I don’t think that most guys would think a woman is a lesbian just because she flies. I don’t think we care much if she is. Maybe women are less comfortable around lesbians? As for not flying as a civilian, you’ve got to make a living. You’re not a failure if you’ve achieved something and then do not have the resources to make it a profession.

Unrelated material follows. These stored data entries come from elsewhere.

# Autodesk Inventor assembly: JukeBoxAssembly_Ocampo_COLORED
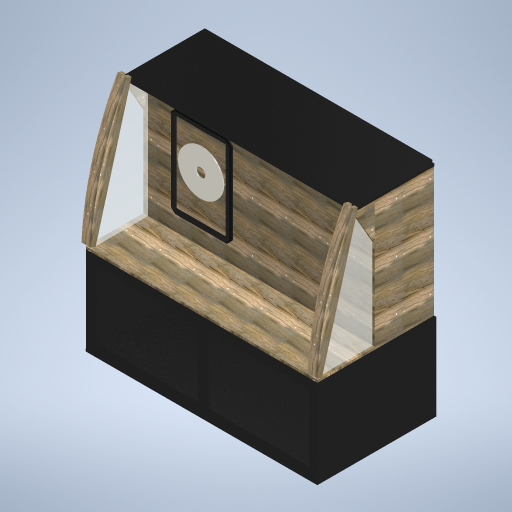
[picture p0: Inventor's stored thumbnail of the model, 512x512]
Saved by Autodesk Inventor 2023 (Build 270158000, 158)
## iProperties
Created: 2025-03-05
Part Number: JukeBoxAssembly_Ocampo_COLORED
Document SubType Name: Assembly
Designer: FrameUser
Author: FrameUser
## Documents named in this file (13)
- G:\My Drive\Digital Electronics\JukeBoxAssembly_Ocampo_COLORED.iam
- G:\My Drive\Digital Electronics\BottomOfTheBottomOfTheJukebox_Ocampo.ipt
- G:\My Drive\Digital Electronics\BottomHalfofSides_Ocampo.ipt
- G:\My Drive\Digital Electronics\BottomHalfofFront_Ocampo.ipt
- G:\My Drive\Digital Electronics\UpperHalfofSides_Ocampo.ipt
- G:\My Drive\Digital Electronics\Triangle_Ocampo.ipt
- G:\My Drive\Digital Electronics\TopOfTheBottomOftheJukebox_Ocampo.ipt
- G:\My Drive\Digital Electronics\TopOfTheTopOfTheJukebox_Ocampo.ipt
- G:\My Drive\Digital Electronics\UpperHalfofFrontBack_Ocampo.ipt
- G:\My Drive\Digital Electronics\BottomHalfOfBack.ipt
- G:\My Drive\Digital Electronics\glass_Ocampo.ipt
- G:\My Drive\Digital Electronics\CD_Ocampo.ipt
- G:\My Drive\Digital Electronics\sidestrip_Ocampo.ipt
## Components (18 placed, 12 different names)
1. BottomOfTheBottomOfTheJukebox_Ocampo:1 — Mate:1, Flush:1, Flush:2, Mate:2, Flush:3, Flush:4, Mate:3, Flush:5, Flush:23
2. BottomHalfofSides_Ocampo:1 — Mate:1, Flush:1, Flush:2, Mate:5, Flush:6, Flush:7, Mate:13
3. BottomHalfofSides_Ocampo:2 — Mate:2, Flush:3, Flush:4, Mate:4, Mate:6, Flush:8, Flush:9, Mate:9, Flush:15, Flush:22
4. BottomHalfofFront_Ocampo:1 — Mate:3, Flush:5, Mate:4, Flush:14
5. UpperHalfofSides_Ocampo:1 — Mate:5, Flush:6, Flush:7, Mate:8, Flush:12, Flush:13, Flush:18, Flush:19, Mate:12, Mate:17
6. UpperHalfofSides_Ocampo:2 — Mate:6, Flush:8, Flush:9, Mate:7, Flush:10, Flush:11, Mate:10, Flush:16, Flush:17, Mate:11, Flush:20
7. Triangle_Ocampo:1 — Mate:7, Flush:10, Flush:11, Mate:15
8. Triangle_Ocampo:2 — Mate:8, Flush:12, Flush:13, Flush:24
9. TopOfTheBottomOftheJukebox_Ocampo:1 — Mate:9, Flush:14, Flush:15
10. TopOfTheTopOfTheJukebox_Ocampo:1 — Mate:10, Flush:16, Flush:17, Flush:21, Mate:16, Flush:25
11. UpperHalfofFrontBack_Ocampo:1 — Mate:11, Flush:18, Flush:19, Mate:14, Mate:18, Mate:19
12. UpperHalfofFrontBack_Ocampo:2 — Mate:12, Flush:20, Flush:21
13. BottomHalfOfBack:1 — Mate:13, Flush:22, Flush:23
14. glass_Ocampo:1 — Mate:14, Mate:15, Mate:16, Mate:20, Mate:21
15. glass_Ocampo:2 — Flush:24, Mate:17, Flush:25, Mate:22, Mate:23
16. CD_Ocampo:1 — Mate:18, Mate:19
17. sidestrip_Ocampo:1 — Mate:20, Mate:21
18. sidestrip_Ocampo:2 — Mate:22, Mate:23
## Relationships (48: Flush 25, Mate 23)
- Mate:1: BottomOfTheBottomOfTheJukebox_Ocampo:1 ↔ BottomHalfofSides_Ocampo:1
- Flush:1: BottomOfTheBottomOfTheJukebox_Ocampo:1 ↔ BottomHalfofSides_Ocampo:1
- Flush:2: BottomOfTheBottomOfTheJukebox_Ocampo:1 ↔ BottomHalfofSides_Ocampo:1
- Mate:2: BottomOfTheBottomOfTheJukebox_Ocampo:1 ↔ BottomHalfofSides_Ocampo:2
- Flush:3: BottomOfTheBottomOfTheJukebox_Ocampo:1 ↔ BottomHalfofSides_Ocampo:2
- Flush:4: BottomOfTheBottomOfTheJukebox_Ocampo:1 ↔ BottomHalfofSides_Ocampo:2
- Mate:3: BottomOfTheBottomOfTheJukebox_Ocampo:1 ↔ BottomHalfofFront_Ocampo:1
- Flush:5: BottomOfTheBottomOfTheJukebox_Ocampo:1 ↔ BottomHalfofFront_Ocampo:1
- Mate:4: BottomHalfofSides_Ocampo:2 ↔ BottomHalfofFront_Ocampo:1
- Mate:5: BottomHalfofSides_Ocampo:1 ↔ UpperHalfofSides_Ocampo:1
- Flush:6: BottomHalfofSides_Ocampo:1 ↔ UpperHalfofSides_Ocampo:1
- Flush:7: BottomHalfofSides_Ocampo:1 ↔ UpperHalfofSides_Ocampo:1
- Mate:6: BottomHalfofSides_Ocampo:2 ↔ UpperHalfofSides_Ocampo:2
- Flush:8: BottomHalfofSides_Ocampo:2 ↔ UpperHalfofSides_Ocampo:2
- Flush:9: BottomHalfofSides_Ocampo:2 ↔ UpperHalfofSides_Ocampo:2
- Mate:7: UpperHalfofSides_Ocampo:2 ↔ Triangle_Ocampo:1
- Flush:10: UpperHalfofSides_Ocampo:2 ↔ Triangle_Ocampo:1
- Flush:11: UpperHalfofSides_Ocampo:2 ↔ Triangle_Ocampo:1
- Mate:8: UpperHalfofSides_Ocampo:1 ↔ Triangle_Ocampo:2
- Flush:12: UpperHalfofSides_Ocampo:1 ↔ Triangle_Ocampo:2
- Flush:13: UpperHalfofSides_Ocampo:1 ↔ Triangle_Ocampo:2
- Mate:9: BottomHalfofSides_Ocampo:2 ↔ TopOfTheBottomOftheJukebox_Ocampo:1
- Flush:14: BottomHalfofFront_Ocampo:1 ↔ TopOfTheBottomOftheJukebox_Ocampo:1
- Flush:15: BottomHalfofSides_Ocampo:2 ↔ TopOfTheBottomOftheJukebox_Ocampo:1
- Mate:10: UpperHalfofSides_Ocampo:2 ↔ TopOfTheTopOfTheJukebox_Ocampo:1
- Flush:16: UpperHalfofSides_Ocampo:2 ↔ TopOfTheTopOfTheJukebox_Ocampo:1
- Flush:17: UpperHalfofSides_Ocampo:2 ↔ TopOfTheTopOfTheJukebox_Ocampo:1
- Mate:11: UpperHalfofSides_Ocampo:2 ↔ UpperHalfofFrontBack_Ocampo:1
- Flush:18: UpperHalfofSides_Ocampo:1 ↔ UpperHalfofFrontBack_Ocampo:1
- Flush:19: UpperHalfofSides_Ocampo:1 ↔ UpperHalfofFrontBack_Ocampo:1
- Mate:12: UpperHalfofSides_Ocampo:1 ↔ UpperHalfofFrontBack_Ocampo:2
- Flush:20: UpperHalfofSides_Ocampo:2 ↔ UpperHalfofFrontBack_Ocampo:2
- Flush:21: TopOfTheTopOfTheJukebox_Ocampo:1 ↔ UpperHalfofFrontBack_Ocampo:2
- Mate:13: BottomHalfofSides_Ocampo:1 ↔ BottomHalfOfBack:1
- Flush:22: BottomHalfofSides_Ocampo:2 ↔ BottomHalfOfBack:1
- Flush:23: BottomOfTheBottomOfTheJukebox_Ocampo:1 ↔ BottomHalfOfBack:1
- Mate:14: UpperHalfofFrontBack_Ocampo:1 ↔ glass_Ocampo:1
- Mate:15: Triangle_Ocampo:1 ↔ glass_Ocampo:1
- Mate:16: TopOfTheTopOfTheJukebox_Ocampo:1 ↔ glass_Ocampo:1
- Flush:24 (6.35 mm): Triangle_Ocampo:2 ↔ glass_Ocampo:2
- Mate:17: UpperHalfofSides_Ocampo:1 ↔ glass_Ocampo:2
- Flush:25 (6.35 mm): TopOfTheTopOfTheJukebox_Ocampo:1 ↔ glass_Ocampo:2
- Mate:18: UpperHalfofFrontBack_Ocampo:1 ↔ CD_Ocampo:1
- Mate:19 (69.85 mm): UpperHalfofFrontBack_Ocampo:1 ↔ CD_Ocampo:1
- Mate:20: glass_Ocampo:1 ↔ sidestrip_Ocampo:1
- Mate:21: glass_Ocampo:1 ↔ sidestrip_Ocampo:1
- Mate:22: glass_Ocampo:2 ↔ sidestrip_Ocampo:2
- Mate:23: glass_Ocampo:2 ↔ sidestrip_Ocampo:2
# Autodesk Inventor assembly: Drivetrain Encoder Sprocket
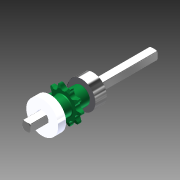
[picture p0: Inventor's stored thumbnail of the model, 180x180]
Saved by Autodesk Inventor 2012 (Build 160160000, 160)
## iProperties
Created: 2011-09-12
Part Number: Drivetrain Encoder Sprocket
Document SubType Name: Assembly
Designer: Wade
Author: Wade
## Documents named in this file (5)
- C:\Users\Wade\Documents\1103 Robot - CAD Assembly\Drivetrain Encoder Sprocket.iam
- C:\Users\Wade\Documents\24C VEX CAD Files\Drive Shafts\Drive Shaft (Square Bar) 2''.ipt
- C:\Users\Wade\Documents\24C VEX CAD Files\Gears & Pulleys\10-Tooth Sprocket.ipt
- C:\Users\Wade\Documents\24C VEX CAD Files\Washers & Spacers\Spacer (Nylon), 0.125''.ipt
- C:\Users\Wade\Documents\24C VEX CAD Files\Other Parts\Shaft Collar (thin).ipt
## Components (4 placed, 4 different names)
1. Drive Shaft (Square Bar) 2'':1 — Mate:1, Mate:2, Flush:1, Flush:2
2. 10-Tooth Sprocket:1 — Mate:1, Mate:2, Flush:1, Mate:3, Mate:4, Mate:5, Mate:6
3. Spacer (Nylon), 0.125'':1 — Mate:3, Mate:4
4. Shaft Collar (thin):1 — Mate:5, Mate:6, Flush:2
## Relationships (8: Mate 6, Flush 2)
- Mate:1: Drive Shaft (Square Bar) 2'':1 ↔ 10-Tooth Sprocket:1
- Mate:2: Drive Shaft (Square Bar) 2'':1 ↔ 10-Tooth Sprocket:1
- Flush:1 (9.525 mm): Drive Shaft (Square Bar) 2'':1 ↔ 10-Tooth Sprocket:1
- Mate:3: 10-Tooth Sprocket:1 ↔ Spacer (Nylon), 0.125'':1
- Mate:4: 10-Tooth Sprocket:1 ↔ Spacer (Nylon), 0.125'':1
- Mate:5: 10-Tooth Sprocket:1 ↔ Shaft Collar (thin):1
- Mate:6: 10-Tooth Sprocket:1 ↔ Shaft Collar (thin):1
- Flush:2: Drive Shaft (Square Bar) 2'':1 ↔ Shaft Collar (thin):1

Dude, no one sane is going to think a woman is a lesbian because she’s an army pilot. Seriously, that’s totally bizarre.

As a woman, I’d think it was cool, and I have no kind of military background myself.

But there is a significant subcategory of women who don’t like to see other women stepping out of gender boundaries, at all. I’ve run into this at work, where (for instance) certain admin assistants consistently undermine female execs, and put down other women who try for advancement rather than just a job.

I can’t explain it, other than that. I’m hoping there are not too many women who want other women to stay inside some kind of arbitrary box, and I haven’t run into many. But the people I hang with are not that kind of person anyway, so I wouldn’t, and that kind of woman wouldn’t be someone I’d select as a friend, either.

PS edited to add quote, and I can’t remember who to attribute it to: “It ain’t bragging if you’ve done it.”

Since leaving the Army, my friend has lived in rural areas with depressed economies. I wonder if that’s part of the issue; that in certain communities women are expected to fit into certain roles and leave other ones to the men-folk?

Tangental question: How big a deal are Air Medals? (She has two.)

This is what I came to post. Her anecdote really surprised me.

Both my sister and my wife believe that women are much meaner to other women than men are to women. They feel that there is often an unspoken level of competition and hostility between women that men often don’t detect. BTW, have you asked your friend why she feels women are put off?

Count me in on that too

Not directly, but I think she thinks as you do; that women can be mean to each other. Hell, we guys are too. But for us, ‘cutting’ isn’t really taken seriously.

It depends on why she got them. For the most part they are only a big deal to civilians and people whoo don’t know any better. I have three but I got each one for flying 20 combat missions in Iraq. Like I said, mine just sound impressive but aren’t really, I don’t deserve them.

Now, if she did something to deserve them that is a completely different story.

Yup, I’ve been told this too, but it seems to be very much the other way - putting down the little guy (what’s female for guy?) rather than envy of the big guy (ditto question).

That’s the impression I had. Not to belittle the achievement, of course. Not everyone gets to fly a multi-million dollar aircraft in a combat zone.